Der Aktionsplan der Europäischen Union (EU) für die Finanzierung nachhaltigen Wachstums zeichnet den Pfad für die künftige Ausgestaltung der regulatorischen Rahmenbedingungen vor, denen vor allem die Kreditwirtschaft unterliegt.

Banken und Investoren haben mit der bewussten Steuerung von Geldströmen einen enormen Einfluss auf die nachhaltige Transformation der Gesamtwirtschaft und sollen Finanzströme stärker in nachhaltige Wirtschaftsaktivitäten zu lenken. Hieraus ergibt sich ein entsprechender Handlungsbedarf in verschiedenen Dimensionen, nicht zuletzt mit Blick auf die Nachhaltigkeitsberichterstattung.

Jüngst hat die Europäische Kommission das umfassende Sustainable Finance „April-Package" verabschiedet, das drei wesentliche Maßnahmen enthält:

  • Mit der delegierten Verordnung zur EU-Taxonomie wird der erste Teil der technischen Bewertungskriterien der EU-Taxonomie eingeführt. Anhand dieser Kriterien wird zukünftig bestimmt, welche Tätigkeiten wesentlich zur Erreichung der beiden ersten in der Taxonomie-Verordnung festgelegten Umweltziele beitragen, die Anpassung an den Klimawandel und Klimaschutz.
  • Mit dem Vorschlag zur Corporate Sustainability Reporting Directive (CSRD) wird eine Richtlinie zur Nachhaltigkeitsberichterstattung von Unternehmen überarbeitet.

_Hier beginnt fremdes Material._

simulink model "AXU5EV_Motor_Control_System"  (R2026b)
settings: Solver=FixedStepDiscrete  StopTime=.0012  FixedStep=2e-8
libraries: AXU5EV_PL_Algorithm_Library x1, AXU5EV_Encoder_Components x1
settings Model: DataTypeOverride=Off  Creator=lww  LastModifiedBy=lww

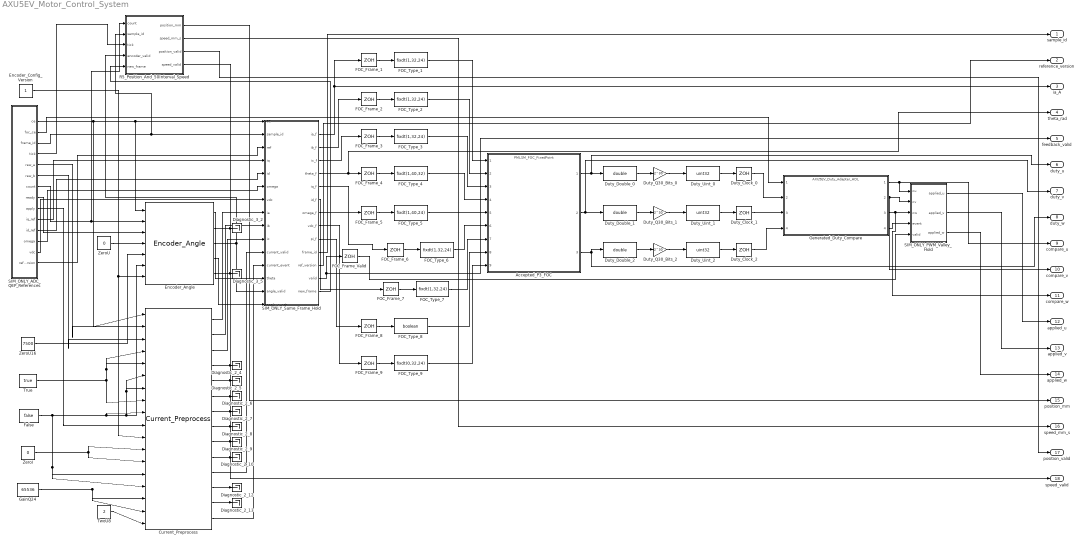
== system AXU5EV_Motor_Control_System ==
  Accepted_P3_FOC : ModelReference  ModelNameDialog=PMLSM_FOC_FixedPoint  SimulationMode=Normal  ModelReferenceVersion=1.16
  Current_Preprocess : AXU5EV_PL_Algorithm_Library/Current_Preprocess  SystemSampleTime=-1  VariantActivationTime=update diagram  EmptyChoice=off  PassThrough=off  PassThroughVariantControl=(default)  EmptyChoiceVariantControl=(default)  AllowFlexibleInterface=on  Latency=0  AutoFrameSizeCalculation=off
  Diagnostic_2_{4..10,12..13} (9 alike) : Terminator
  Diagnostic_3_2 : Terminator
  Diagnostic_3_5 : Terminator
  Duty_Clock_0 : ZeroOrderHold  SampleTime=2e-8
  Duty_Clock_1 : ZeroOrderHold  SampleTime=2e-8
  Duty_Clock_2 : ZeroOrderHold  SampleTime=2e-8
  Duty_Double_0 : DataTypeConversion  OutDataTypeStr=double  SaturateOnIntegerOverflow=off  RndMeth=Floor
  Duty_Double_1 : DataTypeConversion  OutDataTypeStr=double  SaturateOnIntegerOverflow=off  RndMeth=Floor
  Duty_Double_2 : DataTypeConversion  OutDataTypeStr=double  SaturateOnIntegerOverflow=off  RndMeth=Floor
  Duty_Q30_Bits_0 : Gain  Gain=2^30
  Duty_Q30_Bits_1 : Gain  Gain=2^30
  Duty_Q30_Bits_2 : Gain  Gain=2^30
  Duty_Uint_0 : DataTypeConversion  OutDataTypeStr=uint32  RndMeth=Convergent
  Duty_Uint_1 : DataTypeConversion  OutDataTypeStr=uint32  RndMeth=Convergent
  Duty_Uint_2 : DataTypeConversion  OutDataTypeStr=uint32  RndMeth=Convergent
  Encoder_Angle : AXU5EV_Encoder_Components/Encoder_Angle  SystemSampleTime=-1  VariantActivationTime=update diagram  EmptyChoice=off  PassThrough=off  PassThroughVariantControl=(default)  EmptyChoiceVariantControl=(default)  AllowFlexibleInterface=on  Latency=0  AutoFrameSizeCalculation=off
  Encoder_Config_Version : Constant  OutDataTypeStr=uint32  SampleTime=2e-8
  FOC_Frame_{1..9} (9 alike) : ZeroOrderHold  SampleTime=1e-4
  FOC_Frame_Valid : ZeroOrderHold  SampleTime=1e-4
  FOC_Type_{1..3,6..7} (5 alike) : DataTypeConversion  OutDataTypeStr=fixdt(1,32,24)  RndMeth=Convergent
  FOC_Type_4 : DataTypeConversion  OutDataTypeStr=fixdt(1,40,32)  RndMeth=Convergent
  FOC_Type_5 : DataTypeConversion  OutDataTypeStr=fixdt(1,40,24)  RndMeth=Convergent
  FOC_Type_8 : DataTypeConversion  OutDataTypeStr=boolean  RndMeth=Convergent
  FOC_Type_9 : DataTypeConversion  OutDataTypeStr=fixdt(0,32,24)  RndMeth=Convergent
  False : Constant  Value=false  OutDataTypeStr=boolean  SampleTime=2e-8
  GainQ24 : Constant  Value=65536  OutDataTypeStr=int32  SampleTime=2e-8
  Generated_Duty_Compare : ModelReference  ModelNameDialog=AXU5EV_Duty_Adapter_HDL  SimulationMode=Normal  ModelReferenceVersion=1.2
  R5_Position_And_50Interval_Speed : MATLAB Function  TreatAsAtomicUnit=on
  SIM_ONLY_ADC_QEP_References : MATLAB Function  TreatAsAtomicUnit=on
  SIM_ONLY_PWM_Valley_Hold : MATLAB Function  TreatAsAtomicUnit=on
  SIM_ONLY_Same_Frame_Hold : MATLAB Function  TreatAsAtomicUnit=on
  True : Constant  Value=true  OutDataTypeStr=boolean  SampleTime=2e-8
  TwoU8 : Constant  Value=2  OutDataTypeStr=uint8  SampleTime=2e-8
  ZeroI : Constant  Value=0  OutDataTypeStr=int32  SampleTime=2e-8
  ZeroU : Constant  Value=0  OutDataTypeStr=uint32  SampleTime=2e-8
  ZeroU16 : Constant  Value=7500  OutDataTypeStr=uint16  SampleTime=2e-8
  sample_id : Outport
  reference_version : Outport  Port=2
  ia_A : Outport  Port=3
  theta_rad : Outport  Port=4
  feedback_valid : Outport  Port=5
  duty_u : Outport  Port=6
  duty_v : Outport  Port=7
  duty_w : Outport  Port=8
  compare_u : Outport  Port=9
  compare_v : Outport  Port=10
  compare_w : Outport  Port=11
  applied_u : Outport  Port=12
  applied_v : Outport  Port=13
  applied_w : Outport  Port=14
  position_mm : Outport  Port=15
  speed_mm_s : Outport  Port=16
  position_valid : Outport  Port=17
  speed_valid : Outport  Port=18
  wires:
  FOC_Frame_9/1 -> FOC_Type_9/1
  SIM_ONLY_Same_Frame_Hold/8(vdc_f) -> FOC_Frame_9/1
  FOC_Frame_8/1 -> FOC_Type_8/1
  SIM_ONLY_Same_Frame_Hold/9(pi_f) -> FOC_Frame_8/1
  FOC_Frame_5/1 -> FOC_Type_5/1
  SIM_ONLY_Same_Frame_Hold/7(omega_f) -> FOC_Frame_5/1
  FOC_Frame_4/1 -> FOC_Type_4/1
  SIM_ONLY_Same_Frame_Hold/4(theta_f) -> theta_rad/1, FOC_Frame_4/1
  FOC_Frame_3/1 -> FOC_Type_3/1
  SIM_ONLY_Same_Frame_Hold/3(ic_f) -> FOC_Frame_3/1
  FOC_Frame_2/1 -> FOC_Type_2/1
  SIM_ONLY_Same_Frame_Hold/2(ib_f) -> FOC_Frame_2/1
  FOC_Frame_1/1 -> FOC_Type_1/1
  SIM_ONLY_Same_Frame_Hold/1(ia_f) -> FOC_Frame_1/1, ia_A/1
  Encoder_Angle/4 -> SIM_ONLY_Same_Frame_Hold/15(angle_event)
  Encoder_Angle/3 -> SIM_ONLY_Same_Frame_Hold/14(angle_valid), R5_Position_And_50Interval_Speed/4(encoder_valid)
  Encoder_Angle/1 -> SIM_ONLY_Same_Frame_Hold/13(theta)
  Current_Preprocess/14 -> SIM_ONLY_Same_Frame_Hold/12(current_event)
  Current_Preprocess/11 -> SIM_ONLY_Same_Frame_Hold/11(current_valid)
  Current_Preprocess/3 -> SIM_ONLY_Same_Frame_Hold/10(ic)
  Current_Preprocess/2 -> SIM_ONLY_Same_Frame_Hold/9(ib)
  Current_Preprocess/1 -> SIM_ONLY_Same_Frame_Hold/8(ia)
  SIM_ONLY_ADC_QEP_References/13(vdc) -> SIM_ONLY_Same_Frame_Hold/7(vdc)
  SIM_ONLY_ADC_QEP_References/12(omega) -> SIM_ONLY_Same_Frame_Hold/6(omega)
  SIM_ONLY_ADC_QEP_References/11(id_ref) -> SIM_ONLY_Same_Frame_Hold/5(id)
  SIM_ONLY_ADC_QEP_References/10(iq_ref) -> SIM_ONLY_Same_Frame_Hold/4(iq)
  SIM_ONLY_ADC_QEP_References/3(frame_id) -> R5_Position_And_50Interval_Speed/2(sample_id), SIM_ONLY_Same_Frame_Hold/2(sample_id)
  ZeroU16/1 -> Encoder_Angle/5
  ZeroU/1 -> Encoder_Angle/4
  SIM_ONLY_ADC_QEP_References/8(ready) -> Encoder_Angle/3
  SIM_ONLY_ADC_QEP_References/7(count) -> R5_Position_And_50Interval_Speed/1(count), Encoder_Angle/2
  TwoU8/1 -> Current_Preprocess/18
  GainQ24/1 -> Current_Preprocess/16, Current_Preprocess/17
  ZeroI/1 -> Current_Preprocess/12, Current_Preprocess/13
  SIM_ONLY_ADC_QEP_References/14(ref_version) -> SIM_ONLY_Same_Frame_Hold/3(ref)
  SIM_ONLY_ADC_QEP_References/9(apply) -> Current_Preprocess/10
  False/1 -> Current_Preprocess/14, Current_Preprocess/15, Current_Preprocess/6, Current_Preprocess/7, Encoder_Angle/6, Current_Preprocess/9
  True/1 -> Current_Preprocess/4, Current_Preprocess/5, Current_Preprocess/8
  SIM_ONLY_ADC_QEP_References/6(raw_b) -> Current_Preprocess/3
  SIM_ONLY_ADC_QEP_References/5(raw_a) -> Current_Preprocess/2
  SIM_ONLY_ADC_QEP_References/1(ce) -> SIM_ONLY_Same_Frame_Hold/1(ce), Encoder_Angle/1, Current_Preprocess/1
  Encoder_Config_Version/1 -> Encoder_Angle/7, Current_Preprocess/11
  SIM_ONLY_Same_Frame_Hold/10(frame_id) -> sample_id/1
  SIM_ONLY_Same_Frame_Hold/11(ref_version) -> reference_version/1
  Current_Preprocess/4 -> Diagnostic_2_4/1
  Current_Preprocess/5 -> Diagnostic_2_5/1
  Current_Preprocess/6 -> Diagnostic_2_6/1
  Current_Preprocess/7 -> Diagnostic_2_7/1
  Current_Preprocess/8 -> Diagnostic_2_8/1
  Current_Preprocess/9 -> Diagnostic_2_9/1
  Current_Preprocess/10 -> Diagnostic_2_10/1
  Current_Preprocess/12 -> Diagnostic_2_12/1
  Current_Preprocess/13 -> Diagnostic_2_13/1
  Encoder_Angle/2 -> Diagnostic_3_2/1
  Encoder_Angle/5 -> Diagnostic_3_5/1
  SIM_ONLY_ADC_QEP_References/4(tick) -> R5_Position_And_50Interval_Speed/3(tick)
  SIM_ONLY_Same_Frame_Hold/13(new_frame) -> R5_Position_And_50Interval_Speed/5(new_frame)
  R5_Position_And_50Interval_Speed/1(position_mm) -> position_mm/1
  R5_Position_And_50Interval_Speed/2(speed_mm_s) -> speed_mm_s/1
  R5_Position_And_50Interval_Speed/3(position_valid) -> position_valid/1
  R5_Position_And_50Interval_Speed/4(speed_valid) -> speed_valid/1
  FOC_Frame_Valid/1 -> SIM_ONLY_PWM_Valley_Hold/5(valid)
  SIM_ONLY_PWM_Valley_Hold/3(applied_w) -> applied_w/1
  SIM_ONLY_PWM_Valley_Hold/2(applied_v) -> applied_v/1
  SIM_ONLY_PWM_Valley_Hold/1(applied_u) -> applied_u/1
  FOC_Type_1/1 -> Accepted_P3_FOC/1
  FOC_Type_2/1 -> Accepted_P3_FOC/2
  FOC_Type_3/1 -> Accepted_P3_FOC/3
  FOC_Type_4/1 -> Accepted_P3_FOC/4
  FOC_Type_5/1 -> Accepted_P3_FOC/5
  SIM_ONLY_Same_Frame_Hold/5(iq_f) -> FOC_Frame_6/1
  FOC_Frame_6/1 -> FOC_Type_6/1
  FOC_Type_6/1 -> Accepted_P3_FOC/6
  SIM_ONLY_Same_Frame_Hold/6(id_f) -> FOC_Frame_7/1
  FOC_Frame_7/1 -> FOC_Type_7/1
  FOC_Type_7/1 -> Accepted_P3_FOC/7
  FOC_Type_8/1 -> Accepted_P3_FOC/8
  FOC_Type_9/1 -> Accepted_P3_FOC/9
  Accepted_P3_FOC/1 -> duty_u/1, Duty_Double_0/1
  Duty_Double_0/1 -> Duty_Q30_Bits_0/1
  Duty_Q30_Bits_0/1 -> Duty_Uint_0/1
  Duty_Uint_0/1 -> Duty_Clock_0/1
  Duty_Clock_0/1 -> Generated_Duty_Compare/2
  Generated_Duty_Compare/1 -> compare_u/1, SIM_ONLY_PWM_Valley_Hold/1(cu)
  Accepted_P3_FOC/2 -> duty_v/1, Duty_Double_1/1
  Duty_Double_1/1 -> Duty_Q30_Bits_1/1
  Duty_Q30_Bits_1/1 -> Duty_Uint_1/1
  Duty_Uint_1/1 -> Duty_Clock_1/1
  Duty_Clock_1/1 -> Generated_Duty_Compare/3
  Generated_Duty_Compare/2 -> SIM_ONLY_PWM_Valley_Hold/2(cv), compare_v/1
  Accepted_P3_FOC/3 -> Duty_Double_2/1, duty_w/1
  Duty_Double_2/1 -> Duty_Q30_Bits_2/1
  Duty_Q30_Bits_2/1 -> Duty_Uint_2/1
  Duty_Uint_2/1 -> Duty_Clock_2/1
  Duty_Clock_2/1 -> Generated_Duty_Compare/4
  Generated_Duty_Compare/3 -> compare_w/1, SIM_ONLY_PWM_Valley_Hold/3(cw)
  SIM_ONLY_ADC_QEP_References/2(foc_ce) -> Generated_Duty_Compare/1
  Generated_Duty_Compare/4 -> SIM_ONLY_PWM_Valley_Hold/4(event)
  SIM_ONLY_Same_Frame_Hold/12(valid) -> FOC_Frame_Valid/1, feedback_valid/1

== matlab function AXU5EV_Motor_Control_System/SIM_ONLY_Same_Frame_Hold ==
  data: ce input; ia_f output; sample_id input; ref input; iq input; id input; omega input; vdc input; ia input; ib input; ic input; current_valid input; current_event input; theta input; angle_valid input; angle_event input; ib_f output; ic_f output; theta_f output; iq_f output; id_f output; omega_f output; vdc_f output; pi_f output; frame_id output; ref_version output; valid output; new_frame output
function [ia_f,ib_f,ic_f,theta_f,iq_f,id_f,omega_f,vdc_f,pi_f,frame_id,ref_version,valid,new_frame]=f(ce,sample_id,ref,iq,id,omega,vdc,ia,ib,ic,current_valid,current_event,theta,angle_valid,angle_event)
[ia_f,ib_f,ic_f,theta_f,iq_f,id_f,omega_f,vdc_f,pi_f,frame_id,ref_version,valid,new_frame]=motor_control_sim_join(ce,sample_id,ref,iq,id,omega,vdc,ia,ib,ic,current_valid,current_event,theta,angle_valid,angle_event);
end

== matlab function AXU5EV_Motor_Control_System/SIM_ONLY_ADC_QEP_References ==
  data: ce output; foc_ce output; frame_id output; tick output; raw_a output; raw_b output; count output; ready output; apply output; iq_ref output; id_ref output; omega output; vdc output; ref_version output
function [ce,foc_ce,frame_id,tick,raw_a,raw_b,count,ready,apply,iq_ref,id_ref,omega,vdc,ref_version]=f()
[ce,foc_ce,frame_id,tick,raw_a,raw_b,count,ready,apply,iq_ref,id_ref,omega,vdc,ref_version]=motor_control_sim_io();
end

== matlab function AXU5EV_Motor_Control_System/SIM_ONLY_PWM_Valley_Hold ==
  data: cu input; applied_u output; cv input; cw input; event input; valid input; applied_v output; applied_w output
function [applied_u,applied_v,applied_w]=f(cu,cv,cw,event,valid)
[applied_u,applied_v,applied_w]=motor_control_sim_pwm(cu,cv,cw,event,valid);
end

== matlab function AXU5EV_Motor_Control_System/R5_Position_And_50Interval_Speed ==
  data: count input; position_mm output; sample_id input; tick input; encoder_valid input; new_frame input; speed_mm_s output; position_valid output; speed_valid output
function [position_mm,speed_mm_s,position_valid,speed_valid]=f(count,sample_id,tick,encoder_valid,new_frame)
[position_mm,speed_mm_s,position_valid,speed_valid]=motor_control_sim_r5(count,sample_id,tick,encoder_valid,new_frame);
end
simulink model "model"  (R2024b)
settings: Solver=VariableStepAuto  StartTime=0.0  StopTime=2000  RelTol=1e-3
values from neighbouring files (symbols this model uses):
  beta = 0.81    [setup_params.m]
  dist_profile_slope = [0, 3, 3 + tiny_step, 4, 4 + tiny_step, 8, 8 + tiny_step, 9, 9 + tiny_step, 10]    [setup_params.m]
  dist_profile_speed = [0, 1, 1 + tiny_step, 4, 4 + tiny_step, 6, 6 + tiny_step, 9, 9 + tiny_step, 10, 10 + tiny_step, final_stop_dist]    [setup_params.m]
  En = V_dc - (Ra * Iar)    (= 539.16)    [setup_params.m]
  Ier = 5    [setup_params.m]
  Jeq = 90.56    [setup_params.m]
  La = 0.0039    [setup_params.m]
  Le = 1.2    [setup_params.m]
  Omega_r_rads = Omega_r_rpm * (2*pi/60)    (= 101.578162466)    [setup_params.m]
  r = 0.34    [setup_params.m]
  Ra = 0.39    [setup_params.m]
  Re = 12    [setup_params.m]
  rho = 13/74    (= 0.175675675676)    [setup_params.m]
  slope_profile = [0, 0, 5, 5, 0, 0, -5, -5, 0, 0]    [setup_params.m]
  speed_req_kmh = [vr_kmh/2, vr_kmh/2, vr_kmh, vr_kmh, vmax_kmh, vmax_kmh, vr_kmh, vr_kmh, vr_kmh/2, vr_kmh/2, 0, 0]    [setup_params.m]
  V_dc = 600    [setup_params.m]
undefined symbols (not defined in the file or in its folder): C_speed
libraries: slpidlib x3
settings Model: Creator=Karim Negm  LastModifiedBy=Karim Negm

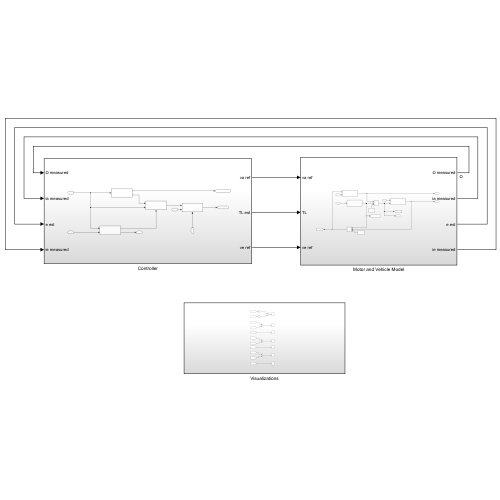
[thumbnail: Simulink's stored preview of the top-level diagram]
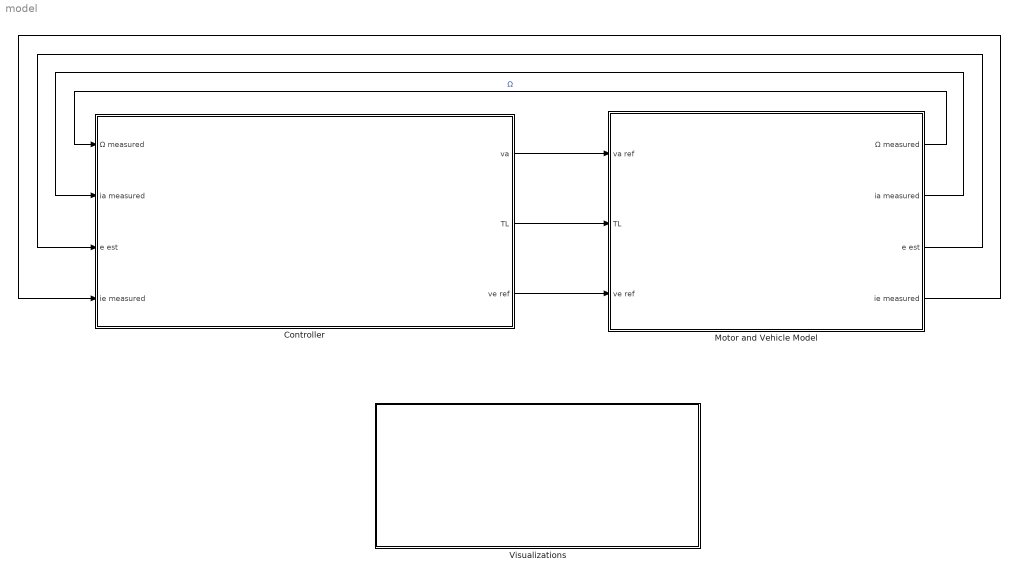
== system model ==
  Controller : Subsystem
  Motor and Vehicle Model : Subsystem
  Visualizations : Subsystem
  wires:
  Motor and Vehicle Model/2(ia measured) -> Controller/2(ia measured)
  Motor and Vehicle Model/3(e est) -> Controller/3(e est)
  Motor and Vehicle Model/4(ie measured) -> Controller/4(ie measured)
  Motor and Vehicle Model/1(Ω measured) -> Controller/1(Ω measured)  "Ω"
  Controller/1(va) -> Motor and Vehicle Model/1(va ref)
  Controller/2(TL) -> Motor and Vehicle Model/2(TL)
  Controller/3(ve ref) -> Motor and Vehicle Model/3(ve ref)

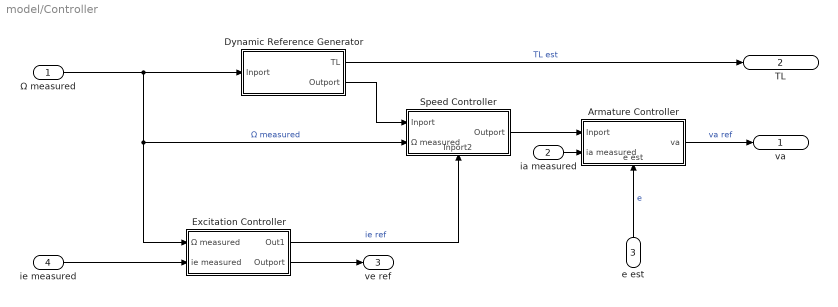
== system model/Controller ==
  Ω measured : Inport
  ia measured : Inport  Port=2
  e est : Inport  Port=3
  ie measured : Inport  Port=4
  Armature Controller : Subsystem
      settings: PortSchema="{\"entries\":[{\"content\":{\"sides\":[{\"content\":{\"connectorIds\":[\"In1\",\"In2\"]},\"type\":\"ConnectorPlacement.EquallySpacedRectSide\",\"uuid\":\"b1610dae-6d89-44cb-a946-9b88326d943b\"},{\"content\":{\"connectorIds\":[\"Out1\"],\"side\":\"RIGHT\"},\"type\":\"ConnectorPlacement.EquallySpacedRectSide\",\"uuid\":\"f41bd1e7-444e-410d-b339-c78692e6f3e8\"},{\"content\":{\"side\":\"TOP\"},\"type\":\"ConnectorPlacement.EquallySpacedRectSide\",\"uuid\":\"bb6f52aa-385e-4d07-b767-54f5b10ad36b\"},{\"content\":{\"connectorIds\":[\"In3\"],\"side\":\"BOTTOM\"},\"type\":\"ConnectorPlacement.EquallySpacedRectSide\",\"uuid\":\"26dba0af-1e42-4a62-99a9-c824ff2552de\"}]},\"type\":\"ConnectorPlacement.EquallySpacedConnector\",\"uuid\":\"cfe31124-8035-4304-a818-392152bdd9d8\"}],\"packageUris\":[\"http://schema.mathworks.com/mf0/Connector/R2020b\"],\"version\":\"1.0\"}"
  Dynamic Reference Generator : Subsystem
  Excitation Controller : Subsystem
  Speed Controller : Subsystem
      settings: PortSchema="{\"entries\":[{\"content\":{\"sides\":[{\"content\":{\"connectorIds\":[\"In1\",\"In2\"]},\"type\":\"ConnectorPlacement.EquallySpacedRectSide\",\"uuid\":\"b1610dae-6d89-44cb-a946-9b88326d943b\"},{\"content\":{\"connectorIds\":[\"Out1\"],\"side\":\"RIGHT\"},\"type\":\"ConnectorPlacement.EquallySpacedRectSide\",\"uuid\":\"f41bd1e7-444e-410d-b339-c78692e6f3e8\"},{\"content\":{\"side\":\"TOP\"},\"type\":\"ConnectorPlacement.EquallySpacedRectSide\",\"uuid\":\"bb6f52aa-385e-4d07-b767-54f5b10ad36b\"},{\"content\":{\"connectorIds\":[\"In3\"],\"side\":\"BOTTOM\"},\"type\":\"ConnectorPlacement.EquallySpacedRectSide\",\"uuid\":\"61bb23fc-2a87-4d69-b5d9-84aba53d439e\"}]},\"type\":\"ConnectorPlacement.EquallySpacedConnector\",\"uuid\":\"cfe31124-8035-4304-a818-392152bdd9d8\"}],\"packageUris\":[\"http://schema.mathworks.com/mf0/Connector/R2020b\"],\"version\":\"1.0\"}"
  va : Outport
  TL : Outport  Port=2
  ve ref : Outport  Port=3
  wires:
  Ω measured/1 -> Speed Controller/2(Ω measured), Excitation Controller/1(Ω measured), Dynamic Reference Generator/1(Inport)  "Ω measured"
  ie measured/1 -> Excitation Controller/2(ie measured)
  Excitation Controller/2(Outport) -> ve ref/1
  ia measured/1 -> Armature Controller/2(ia measured)
  e est/1 -> Armature Controller/3(e est)  "e"
  Armature Controller/1(va) -> va/1  "va ref"
  Speed Controller/1(Outport) -> Armature Controller/1(Inport)
  Excitation Controller/1(Out1) -> Speed Controller/3(Inport2)  "ie ref"
  Dynamic Reference Generator/2(Outport) -> Speed Controller/1(Inport)
  Dynamic Reference Generator/1(TL) -> TL/1  "TL est"

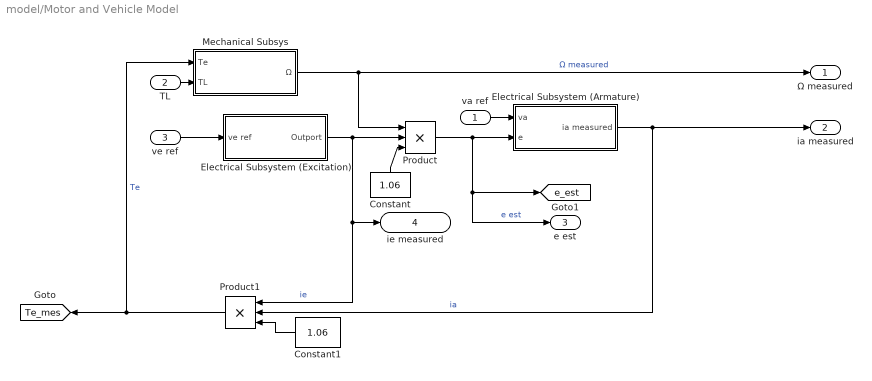
== system model/Motor and Vehicle Model ==
  va ref : Inport
  TL : Inport  Port=2
  ve ref : Inport  Port=3
  Constant : Constant  Value=1.06
  Constant1 : Constant  Value=1.06
  Electrical Subsystem (Armature) : Subsystem
  Electrical Subsystem (Excitation) : Subsystem
  Mechanical Subsys : Subsystem
  Product : Product  Inputs=3
  Product1 : Product  Inputs=3
  Ω measured : Outport
  ia measured : Outport  Port=2
  e est : Outport  Port=3
  ie measured : Outport  Port=4
  tag scope: Te_mes=global, e_est=global
  wires:
  Mechanical Subsys/1(Ω) -> Ω measured/1, Product/1  "Ω measured"
  Product/1 -> Electrical Subsystem (Armature)/2(e), e est/1, [e_est]  "e est"
  Electrical Subsystem (Armature)/1(ia measured) -> ia measured/1, Product1/2  "ia"
  Product1/1 -> Mechanical Subsys/1(Te), [Te_mes]  "Te"
  TL/1 -> Mechanical Subsys/2(TL)
  va ref/1 -> Electrical Subsystem (Armature)/1(va)
  Electrical Subsystem (Excitation)/1(Outport) -> Product/2, Product1/1, ie measured/1  "ie"
  ve ref/1 -> Electrical Subsystem (Excitation)/1(ve ref)
  Constant/1 -> Product/3
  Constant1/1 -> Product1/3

Damit wird der Kreis der berichtspflichtigen Unternehmen ausgeweitet und die inhaltlichen Anforderungen an eine Nachhaltigkeitsberichterstattung neu gefasst.
  • Mit der Verabschiedung von sechs Änderungsrechtsakten zur MiFID II, IDD, UCITSD sowie AIFMD wird die Berücksichtigung von Nachhaltigkeitsaspekten in den Wohlverhaltensregeln sowie den Vorgaben zum Anlegerschutz sichergestellt.

Hinzu kommt ein EBA-Konsultationspapier zu neuen Offenlegungsanforderungen bzgl. ESG-Risiken im Rahmen der Säule III-Transparenzanforderungen sowie der Entwurf der Delegierten Verordnung zum Artikel 8 der EU-Taxonomie, der Detaillierungen zum Nachhaltigkeitsreporting enthält. Die verschiedenen Normen und entsprechenden Rechtsakte machen deutlich, dass sich die Sustainable Finance bezogenen regulatorischen Anforderungen nicht losgelöst voneinander umsetzen lassen. Vielmehr müssen Finanzinstitute ihr Datenmanagement um die ESG-Anforderungen erweitern und ein ganzheitliches ESG-Datenmanagement etablieren.

Was dabei zu beachten ist, welche Lösungsansätze es gibt und wie sich die Perspektive der betroffenen Unternehmen darstellt, ist Gegenstand unserer virtuellen Gesprächsrunde im BANKENNETZWERK.

Referenten

Michaela Valdivia (Direktorin, Bundesverband Öffentlicher Banken Deutschlands, VÖB); Yvonne Quint (Partnerin, BearingPoint); Thomas Grotowski (Projektleiter Sustainable Finance, UniCredit Bank AG); Dr. Andreas K. Gruber (Leiter Public Affairs & Nachhaltigkeit, Deutsche Kreditbank AG) und Dr. Stefan Hirschmann (Mitglied der Geschäftsleitung, VÖB-Service GmbH)

Dieses Webinar ist eine gemeinsame Veranstaltung von BearingPoint & VÖB-Service und richtet sich an Fach- und Führungskräfte in Banken, Versicherungen und anderen finanzwirtschaftlichen Unternehmen.

Die Teilnahme ist kostenfrei für Sie. Weitere Informationen sowie die Möglichkeit zur Anmeldung finden Sie auf den Seiten des Bankennetzwerkes.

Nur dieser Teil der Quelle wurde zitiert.